**The data**
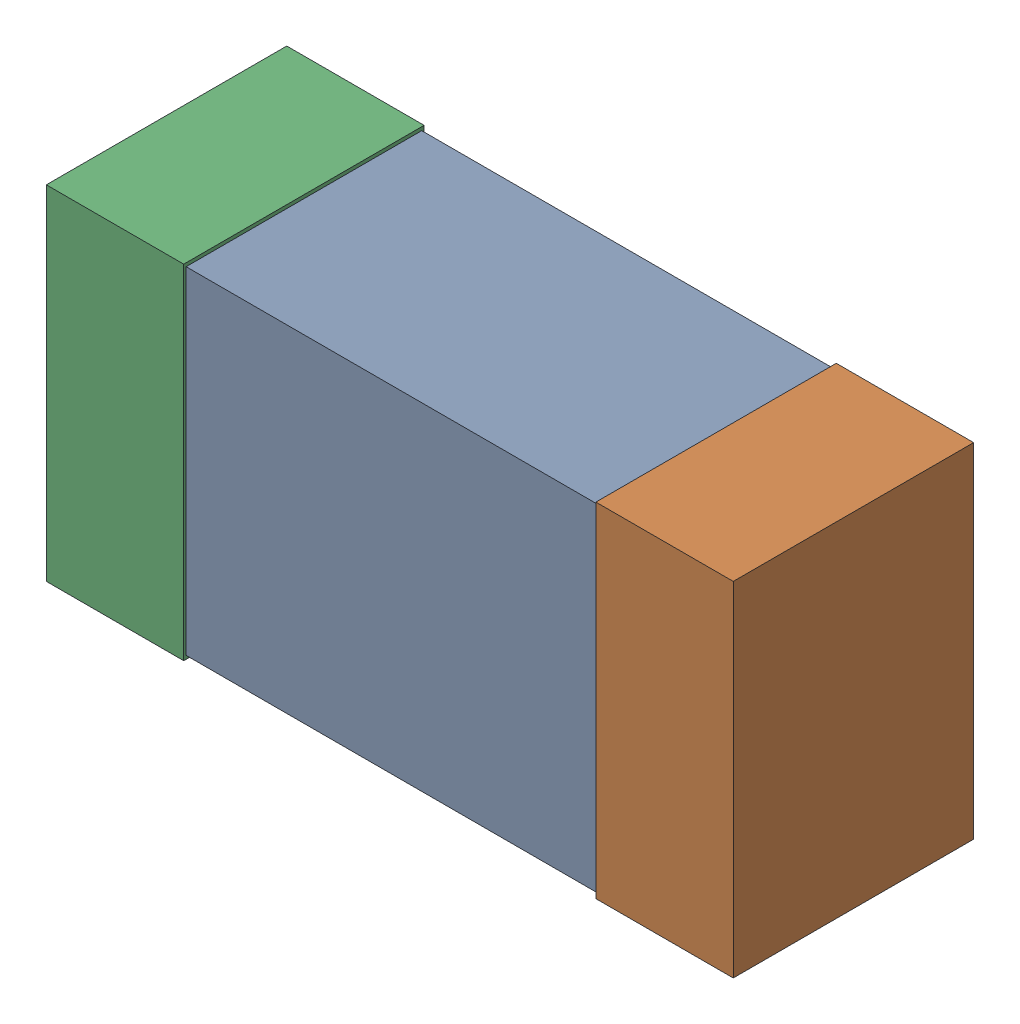
SolidWorks assembly 6074689360, configuration Predeterminado. Lengths in mm.
Overall size (1 0.5 0.35).
3 component instances, 3 part files, 0 mates.
Components (placement in the parent):
- body-1-1: body-1 [Predeterminado] at (-0.3 -0.245 0.0035) size (0.6 0.49 0.34)
- term2-1: term2 [Predeterminado] at (0.3 -0.25 0) size (0.2 0.5 0.35)
- term1-1: term1 [Predeterminado] at (-0.5 -0.25 0) size (0.2 0.5 0.35)

**Exercise**
Check each line of the entries for the string "Predeterminado". Copy the lines that have it.

**Expected output**
SolidWorks assembly 6074689360, configuration Predeterminado. Lengths in mm.
- body-1-1: body-1 [Predeterminado] at (-0.3 -0.245 0.0035) size (0.6 0.49 0.34)
- term2-1: term2 [Predeterminado] at (0.3 -0.25 0) size (0.2 0.5 0.35)
- term1-1: term1 [Predeterminado] at (-0.5 -0.25 0) size (0.2 0.5 0.35)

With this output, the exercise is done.